Alrededor de las seis de la mañana, un convoy compuesto por agentes especializados de la fiscalía y camionetas oficiales se apostó frente al edificio administrativo ubicado en la Avenida Américas de la capital jalisciense. Utilizando herramientas de acceso especializado y sin necesidad de forzar los accesos de forma destructiva, el personal de investigación ingresó al segundo piso del inmueble, dirigiéndose de inmediato a la oficina principal de la Dirección General.
Durante las dos horas y media que duró la diligencia, los peritos informáticos y agentes federales aseguraron evidencia que supera las estimaciones iniciales de las autoridades. Al encender los equipos de cómputo del despacho central, el personal judicial localizó carpetas digitales sin protección de contraseña que contenían un desglose pormenorizado de los bienes inmuebles de la familia, así como correspondencia electrónica directa entre la administración del artista y sus asesores contables. En dichos correos electrónicos, se constata que la gerencia de Nodal estaba plenamente consciente del adeudo fiscal en los Estados Unidos, decidiendo ignorar las multas bajo el argumento de que operarían a través de nuevas entidades comerciales en México para eludir las sanciones.
Sin embargo, el hallazgo más complejo para la situación legal del cantante y su esposa, Ángela Aguilar, radica en una carpeta física que resguardaba las escrituras originales de tres propiedades de lujo ubicadas en el estado de Texas, las cuales presuntamente nunca fueron reportadas ante el Servicio de Administración Tributaria (SAT) en México ni integradas en las declaraciones anuales correspondientes. Entre los documentos incautados destaca la compra de una mansión en el exclusivo Stone Oak Country Club de Frisco, Texas, adquirida en marzo de 2024 por una suma cercana a los 4.8 millones de dólares a nombre directo de Christian Jesús González Nodal. A esto se suma un departamento de lujo en Houston, adquirido en septiembre de 2023 por un valor de 1.2 millones de dólares bajo la titularidad de Ángela Aguilar, y una tercera residencia en la localidad de Magnolia, Texas, comprada en copropiedad por la pareja en mayo de 2024 por 2.9 millones de dólares. En conjunto, la adquisición de estos bienes raíces asciende a casi 9 millones de dólares ocultos a los ojos del fisco.

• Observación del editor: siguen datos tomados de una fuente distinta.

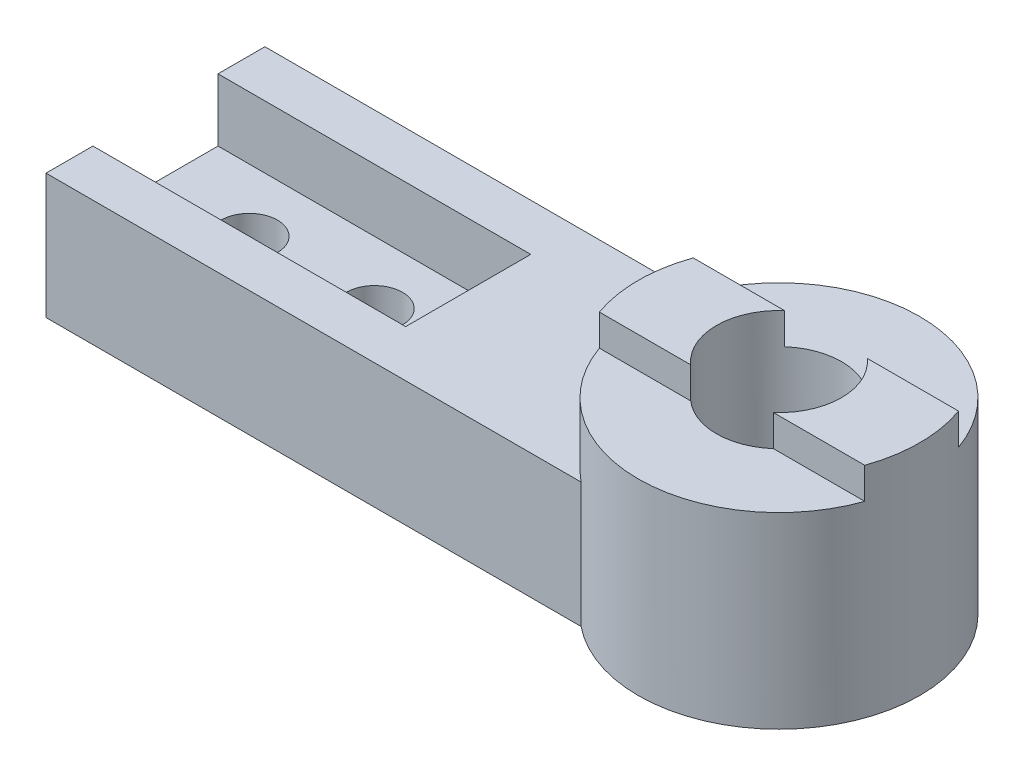
ISO-10303-21;
HEADER;
FILE_DESCRIPTION(('STEP AP214'),'2;1');
FILE_NAME('part.step','',(''),(''),'','','');
FILE_SCHEMA(('AUTOMOTIVE_DESIGN { 1 0 10303 214 1 1 1 1 }'));
ENDSEC;
DATA;
#1=APPLICATION_CONTEXT('core data for automotive mechanical design processes');
#2=APPLICATION_PROTOCOL_DEFINITION('international standard','automotive_design',2000,#1);
#3=PRODUCT_CONTEXT('',#1,'mechanical');
#4=PRODUCT('Part','Part','',(#3));
#5=PRODUCT_RELATED_PRODUCT_CATEGORY('part','',(#4));
#6=PRODUCT_DEFINITION_FORMATION('','',#4);
#7=PRODUCT_DEFINITION_CONTEXT('part definition',#1,'design');
#8=PRODUCT_DEFINITION('design','',#6,#7);
#9=PRODUCT_DEFINITION_SHAPE('','',#8);
#10=(LENGTH_UNIT() NAMED_UNIT(*) SI_UNIT(.MILLI.,.METRE.));
#11=(NAMED_UNIT(*) PLANE_ANGLE_UNIT() SI_UNIT($,.RADIAN.));
#12=(NAMED_UNIT(*) SI_UNIT($,.STERADIAN.) SOLID_ANGLE_UNIT());
#13=UNCERTAINTY_MEASURE_WITH_UNIT(LENGTH_MEASURE(1.E-05),#10,'distance_accuracy_value','');
#14=(GEOMETRIC_REPRESENTATION_CONTEXT(3) GLOBAL_UNCERTAINTY_ASSIGNED_CONTEXT((#13)) GLOBAL_UNIT_ASSIGNED_CONTEXT((#10,
#11,#12)) REPRESENTATION_CONTEXT('',''));
#15=CARTESIAN_POINT('',(0.,0.,0.));
#16=DIRECTION('',(0.,0.,1.));
#17=DIRECTION('',(1.,0.,0.));
#18=AXIS2_PLACEMENT_3D('',#15,#16,#17);
#19=CARTESIAN_POINT('',(0.,30.,0.));
#20=DIRECTION('',(0.,-1.,0.));
#21=DIRECTION('',(0.,0.,-1.));
#22=AXIS2_PLACEMENT_3D('',#19,#20,#21);
#23=CYLINDRICAL_SURFACE('',#22,22.5);
#24=CARTESIAN_POINT('',(0.,30.,0.));
#25=DIRECTION('',(0.,1.,0.));
#26=DIRECTION('',(0.,0.,1.));
#27=AXIS2_PLACEMENT_3D('',#24,#25,#26);
#28=CIRCLE('',#27,22.5);
#29=CARTESIAN_POINT('',(21.2132034355964,30.,-7.5));
#30=VERTEX_POINT('',#29);
#31=CARTESIAN_POINT('',(-21.2132034355964,30.,-7.5));
#32=VERTEX_POINT('',#31);
#33=EDGE_CURVE('E11',#30,#32,#28,.T.);
#34=ORIENTED_EDGE('',*,*,#33,.F.);
#35=DIRECTION('',(0.,-1.,0.));
#36=VECTOR('',#35,1.);
#37=CARTESIAN_POINT('',(21.2132034355964,35.,-7.5));
#38=LINE('',#37,#36);
#39=CARTESIAN_POINT('',(21.2132034355964,35.,-7.5));
#40=VERTEX_POINT('',#39);
#41=EDGE_CURVE('E291',#40,#30,#38,.T.);
#42=ORIENTED_EDGE('',*,*,#41,.F.);
#43=CARTESIAN_POINT('',(0.,35.,0.));
#44=DIRECTION('',(0.,1.,0.));
#45=DIRECTION('',(0.,0.,1.));
#46=AXIS2_PLACEMENT_3D('',#43,#44,#45);
#47=CIRCLE('',#46,22.5);
#48=CARTESIAN_POINT('',(21.2132034355964,35.,7.5));
#49=VERTEX_POINT('',#48);
#50=EDGE_CURVE('E275',#49,#40,#47,.T.);
#51=ORIENTED_EDGE('',*,*,#50,.F.);
#52=DIRECTION('',(0.,-1.,0.));
#53=VECTOR('',#52,1.);
#54=CARTESIAN_POINT('',(21.2132034355964,35.,7.5));
#55=LINE('',#54,#53);
#56=CARTESIAN_POINT('',(21.2132034355964,30.,7.5));
#57=VERTEX_POINT('',#56);
#58=EDGE_CURVE('E295',#49,#57,#55,.T.);
#59=ORIENTED_EDGE('',*,*,#58,.T.);
#60=CARTESIAN_POINT('',(-21.2132034355964,30.,7.5));
#61=VERTEX_POINT('',#60);
#62=EDGE_CURVE('E54',#61,#57,#28,.T.);
#63=ORIENTED_EDGE('',*,*,#62,.F.);
#64=DIRECTION('',(0.,-1.,0.));
#65=VECTOR('',#64,1.);
#66=CARTESIAN_POINT('',(-21.2132034355964,35.,7.5));
#67=LINE('',#66,#65);
#68=CARTESIAN_POINT('',(-21.2132034355964,35.,7.5));
#69=VERTEX_POINT('',#68);
#70=EDGE_CURVE('E233',#69,#61,#67,.T.);
#71=ORIENTED_EDGE('',*,*,#70,.F.);
#72=CARTESIAN_POINT('',(0.,35.,0.));
#73=DIRECTION('',(0.,1.,0.));
#74=DIRECTION('',(0.,0.,1.));
#75=AXIS2_PLACEMENT_3D('',#72,#73,#74);
#76=CIRCLE('',#75,22.5);
#77=CARTESIAN_POINT('',(-21.2132034355964,35.,-7.5));
#78=VERTEX_POINT('',#77);
#79=EDGE_CURVE('E251',#78,#69,#76,.T.);
#80=ORIENTED_EDGE('',*,*,#79,.F.);
#81=DIRECTION('',(0.,-1.,0.));
#82=VECTOR('',#81,1.);
#83=CARTESIAN_POINT('',(-21.2132034355964,35.,-7.5));
#84=LINE('',#83,#82);
#85=EDGE_CURVE('E242',#78,#32,#84,.T.);
#86=ORIENTED_EDGE('',*,*,#85,.T.);
#87=EDGE_LOOP('',(#34,#42,#51,#59,#63,#71,#80,#86));
#88=FACE_BOUND('',#87,.T.);
#89=DIRECTION('',(0.,-1.,0.));
#90=VECTOR('',#89,1.);
#91=CARTESIAN_POINT('',(-14.1421356237309,20.,-17.5));
#92=LINE('',#91,#90);
#93=CARTESIAN_POINT('',(-14.1421356237309,20.,-17.5));
#94=VERTEX_POINT('',#93);
#95=CARTESIAN_POINT('',(-14.1421356237309,0.,-17.5));
#96=VERTEX_POINT('',#95);
#97=EDGE_CURVE('E207',#94,#96,#92,.T.);
#98=ORIENTED_EDGE('',*,*,#97,.F.);
#99=CARTESIAN_POINT('',(0.,20.,0.));
#100=DIRECTION('',(0.,-1.,0.));
#101=DIRECTION('',(0.,0.,1.));
#102=AXIS2_PLACEMENT_3D('',#99,#100,#101);
#103=CIRCLE('',#102,22.5);
#104=CARTESIAN_POINT('',(-14.1421356237309,20.,17.5));
#105=VERTEX_POINT('',#104);
#106=EDGE_CURVE('E69',#105,#94,#103,.T.);
#107=ORIENTED_EDGE('',*,*,#106,.F.);
#108=DIRECTION('',(0.,-1.,0.));
#109=VECTOR('',#108,1.);
#110=CARTESIAN_POINT('',(-14.1421356237309,20.,17.5));
#111=LINE('',#110,#109);
#112=CARTESIAN_POINT('',(-14.1421356237309,0.,17.5));
#113=VERTEX_POINT('',#112);
#114=EDGE_CURVE('E222',#105,#113,#111,.T.);
#115=ORIENTED_EDGE('',*,*,#114,.T.);
#116=CARTESIAN_POINT('',(0.,0.,0.));
#117=DIRECTION('',(0.,1.,0.));
#118=DIRECTION('',(0.,0.,1.));
#119=AXIS2_PLACEMENT_3D('',#116,#117,#118);
#120=CIRCLE('',#119,22.5);
#121=EDGE_CURVE('E48',#113,#96,#120,.T.);
#122=ORIENTED_EDGE('',*,*,#121,.T.);
#123=EDGE_LOOP('',(#98,#107,#115,#122));
#124=FACE_BOUND('',#123,.T.);
#125=ADVANCED_FACE('F45',(#88,#124),#23,.T.);
#126=CARTESIAN_POINT('',(0.,30.,0.));
#127=DIRECTION('',(0.,1.,0.));
#128=DIRECTION('',(0.,0.,1.));
#129=AXIS2_PLACEMENT_3D('',#126,#127,#128);
#130=PLANE('',#129);
#131=CARTESIAN_POINT('',(0.,30.,0.));
#132=DIRECTION('',(0.,1.,0.));
#133=DIRECTION('',(0.,0.,1.));
#134=AXIS2_PLACEMENT_3D('',#131,#132,#133);
#135=CIRCLE('',#134,10.);
#136=CARTESIAN_POINT('',(-6.61437827766148,30.,7.5));
#137=VERTEX_POINT('',#136);
#138=CARTESIAN_POINT('',(6.61437827766148,30.,7.5));
#139=VERTEX_POINT('',#138);
#140=EDGE_CURVE('E308',#137,#139,#135,.T.);
#141=ORIENTED_EDGE('',*,*,#140,.F.);
#142=DIRECTION('',(1.,0.,0.));
#143=VECTOR('',#142,1.);
#144=CARTESIAN_POINT('',(-6.61437827766148,30.,7.5));
#145=LINE('',#144,#143);
#146=EDGE_CURVE('E250',#61,#137,#145,.T.);
#147=ORIENTED_EDGE('',*,*,#146,.F.);
#148=ORIENTED_EDGE('',*,*,#62,.T.);
#149=DIRECTION('',(1.,0.,0.));
#150=VECTOR('',#149,1.);
#151=CARTESIAN_POINT('',(21.2132034355964,30.,7.5));
#152=LINE('',#151,#150);
#153=EDGE_CURVE('E255',#139,#57,#152,.T.);
#154=ORIENTED_EDGE('',*,*,#153,.F.);
#155=EDGE_LOOP('',(#141,#147,#148,#154));
#156=FACE_BOUND('',#155,.T.);
#157=ADVANCED_FACE('F325',(#156),#130,.T.);
#158=ORIENTED_EDGE('',*,*,#33,.T.);
#159=DIRECTION('',(-1.,0.,0.));
#160=VECTOR('',#159,1.);
#161=CARTESIAN_POINT('',(-6.61437827766148,30.,-7.5));
#162=LINE('',#161,#160);
#163=CARTESIAN_POINT('',(-6.61437827766148,30.,-7.5));
#164=VERTEX_POINT('',#163);
#165=EDGE_CURVE('E247',#164,#32,#162,.T.);
#166=ORIENTED_EDGE('',*,*,#165,.F.);
#167=CARTESIAN_POINT('',(6.61437827766148,30.,-7.5));
#168=VERTEX_POINT('',#167);
#169=EDGE_CURVE('E304',#168,#164,#135,.T.);
#170=ORIENTED_EDGE('',*,*,#169,.F.);
#171=DIRECTION('',(-1.,0.,0.));
#172=VECTOR('',#171,1.);
#173=CARTESIAN_POINT('',(21.2132034355964,30.,-7.5));
#174=LINE('',#173,#172);
#175=EDGE_CURVE('E272',#30,#168,#174,.T.);
#176=ORIENTED_EDGE('',*,*,#175,.F.);
#177=EDGE_LOOP('',(#158,#166,#170,#176));
#178=FACE_BOUND('',#177,.T.);
#179=ADVANCED_FACE('F341',(#178),#130,.T.);
#180=CARTESIAN_POINT('',(0.,0.,0.));
#181=DIRECTION('',(0.,1.,0.));
#182=DIRECTION('',(0.,0.,1.));
#183=AXIS2_PLACEMENT_3D('',#180,#181,#182);
#184=PLANE('',#183);
#185=CARTESIAN_POINT('',(-84.6832270174227,0.,0.));
#186=DIRECTION('',(0.,1.,0.));
#187=DIRECTION('',(0.,0.,1.));
#188=AXIS2_PLACEMENT_3D('',#185,#186,#187);
#189=CIRCLE('',#188,4.5);
#190=CARTESIAN_POINT('',(-84.6832270174227,0.,4.5));
#191=VERTEX_POINT('',#190);
#192=EDGE_CURVE('E402',#191,#191,#189,.T.);
#193=ORIENTED_EDGE('',*,*,#192,.T.);
#194=EDGE_LOOP('',(#193));
#195=FACE_BOUND('',#194,.T.);
#196=CARTESIAN_POINT('',(-64.6832270174227,0.,0.));
#197=DIRECTION('',(0.,1.,0.));
#198=DIRECTION('',(0.,0.,1.));
#199=AXIS2_PLACEMENT_3D('',#196,#197,#198);
#200=CIRCLE('',#199,4.5);
#201=CARTESIAN_POINT('',(-64.6832270174227,0.,4.5));
#202=VERTEX_POINT('',#201);
#203=EDGE_CURVE('E405',#202,#202,#200,.T.);
#204=ORIENTED_EDGE('',*,*,#203,.T.);
#205=EDGE_LOOP('',(#204));
#206=FACE_BOUND('',#205,.T.);
#207=ORIENTED_EDGE('',*,*,#121,.F.);
#208=DIRECTION('',(1.,0.,0.));
#209=VECTOR('',#208,1.);
#210=CARTESIAN_POINT('',(-14.1421356237309,0.,17.5));
#211=LINE('',#210,#209);
#212=CARTESIAN_POINT('',(-99.6832270174227,0.,17.5));
#213=VERTEX_POINT('',#212);
#214=EDGE_CURVE('E197',#213,#113,#211,.T.);
#215=ORIENTED_EDGE('',*,*,#214,.F.);
#216=DIRECTION('',(0.,0.,1.));
#217=VECTOR('',#216,1.);
#218=CARTESIAN_POINT('',(-99.6832270174227,0.,-17.5));
#219=LINE('',#218,#217);
#220=CARTESIAN_POINT('',(-99.6832270174227,0.,-17.5));
#221=VERTEX_POINT('',#220);
#222=EDGE_CURVE('E212',#221,#213,#219,.T.);
#223=ORIENTED_EDGE('',*,*,#222,.F.);
#224=DIRECTION('',(-1.,0.,0.));
#225=VECTOR('',#224,1.);
#226=CARTESIAN_POINT('',(-14.1421356237309,0.,-17.5));
#227=LINE('',#226,#225);
#228=EDGE_CURVE('E208',#96,#221,#227,.T.);
#229=ORIENTED_EDGE('',*,*,#228,.F.);
#230=EDGE_LOOP('',(#207,#215,#223,#229));
#231=FACE_BOUND('',#230,.T.);
#232=CARTESIAN_POINT('',(0.,0.,0.));
#233=DIRECTION('',(0.,1.,0.));
#234=DIRECTION('',(0.,0.,1.));
#235=AXIS2_PLACEMENT_3D('',#232,#233,#234);
#236=CIRCLE('',#235,10.);
#237=CARTESIAN_POINT('',(0.,0.,10.));
#238=VERTEX_POINT('',#237);
#239=EDGE_CURVE('E303',#238,#238,#236,.T.);
#240=ORIENTED_EDGE('',*,*,#239,.T.);
#241=EDGE_LOOP('',(#240));
#242=FACE_BOUND('',#241,.T.);
#243=ADVANCED_FACE('F364',(#195,#206,#231,#242),#184,.F.);
#244=CARTESIAN_POINT('',(0.,30.,0.));
#245=DIRECTION('',(0.,-1.,0.));
#246=DIRECTION('',(0.,0.,-1.));
#247=AXIS2_PLACEMENT_3D('',#244,#245,#246);
#248=CYLINDRICAL_SURFACE('',#247,10.);
#249=ORIENTED_EDGE('',*,*,#169,.T.);
#250=DIRECTION('',(0.,-1.,0.));
#251=VECTOR('',#250,1.);
#252=CARTESIAN_POINT('',(-6.61437827766148,35.,-7.5));
#253=LINE('',#252,#251);
#254=CARTESIAN_POINT('',(-6.61437827766148,35.,-7.5));
#255=VERTEX_POINT('',#254);
#256=EDGE_CURVE('E239',#255,#164,#253,.T.);
#257=ORIENTED_EDGE('',*,*,#256,.F.);
#258=CARTESIAN_POINT('',(0.,35.,0.));
#259=DIRECTION('',(0.,-1.,0.));
#260=DIRECTION('',(0.,0.,1.));
#261=AXIS2_PLACEMENT_3D('',#258,#259,#260);
#262=CIRCLE('',#261,10.);
#263=CARTESIAN_POINT('',(-6.61437827766148,35.,7.5));
#264=VERTEX_POINT('',#263);
#265=EDGE_CURVE('E258',#264,#255,#262,.T.);
#266=ORIENTED_EDGE('',*,*,#265,.F.);
#267=DIRECTION('',(0.,-1.,0.));
#268=VECTOR('',#267,1.);
#269=CARTESIAN_POINT('',(-6.61437827766148,35.,7.5));
#270=LINE('',#269,#268);
#271=EDGE_CURVE('E236',#264,#137,#270,.T.);
#272=ORIENTED_EDGE('',*,*,#271,.T.);
#273=ORIENTED_EDGE('',*,*,#140,.T.);
#274=DIRECTION('',(0.,-1.,0.));
#275=VECTOR('',#274,1.);
#276=CARTESIAN_POINT('',(6.61437827766148,35.,7.5));
#277=LINE('',#276,#275);
#278=CARTESIAN_POINT('',(6.61437827766148,35.,7.5));
#279=VERTEX_POINT('',#278);
#280=EDGE_CURVE('E299',#279,#139,#277,.T.);
#281=ORIENTED_EDGE('',*,*,#280,.F.);
#282=CARTESIAN_POINT('',(0.,35.,0.));
#283=DIRECTION('',(0.,-1.,0.));
#284=DIRECTION('',(0.,0.,1.));
#285=AXIS2_PLACEMENT_3D('',#282,#283,#284);
#286=CIRCLE('',#285,10.);
#287=CARTESIAN_POINT('',(6.61437827766148,35.,-7.5));
#288=VERTEX_POINT('',#287);
#289=EDGE_CURVE('E267',#288,#279,#286,.T.);
#290=ORIENTED_EDGE('',*,*,#289,.F.);
#291=DIRECTION('',(0.,-1.,0.));
#292=VECTOR('',#291,1.);
#293=CARTESIAN_POINT('',(6.61437827766148,35.,-7.5));
#294=LINE('',#293,#292);
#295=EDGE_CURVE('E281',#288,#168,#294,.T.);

El alcance del caso también se extiende hacia Sudamérica. Entre la documentación asegurada por las fuerzas del orden se localizaron recibos informales firmados a mano que amparan la compraventa de múltiples terrenos en Buenos Aires, Argentina. Dichos documentos especifican de forma explícita que las transacciones se realizaron mediante pagos en efectivo con la intención de que los fondos no pasaran por el sistema financiero internacional ni generaran reportes automáticos bancarios. Este revelador hallazgo ha generado profundas críticas en el ámbito público y mediático, coincidiendo temporalmente con los señalamientos de que el artista habría realizado recortes drásticos en el soporte económico y habitacional destinado a su hija menor y a su expareja, la cantante argentina Cazzu.
Por otra parte, la documentación incautada también arroja luz sobre la delicada situación financiera de las empresas y marcas registradas a nombre de Ángela Aguilar. Los archivos contables demuestran que las líneas de productos cosméticos y joyería impulsadas por la cantante no han generado los dividendos esperados, registrando pérdidas generalizadas. Asimismo, los reportes internos de su última gira musical, “Libre Corazón Tour”, evidencian la cancelación de múltiples fechas debido a una baja venta de localidades que no alcanzó el 30% del aforo proyectado. Para los analistas de la UIF, el hecho de que se mantenga un ritmo de adquisiciones inmobiliarias millonarias en el extranjero mientras las empresas oficiales reportan inactividad o fracaso comercial constituye un indicio clásico de discrepancia fiscal que obliga a los contribuyentes a demostrar el origen lícito y el correcto pago de impuestos de dichos capitales.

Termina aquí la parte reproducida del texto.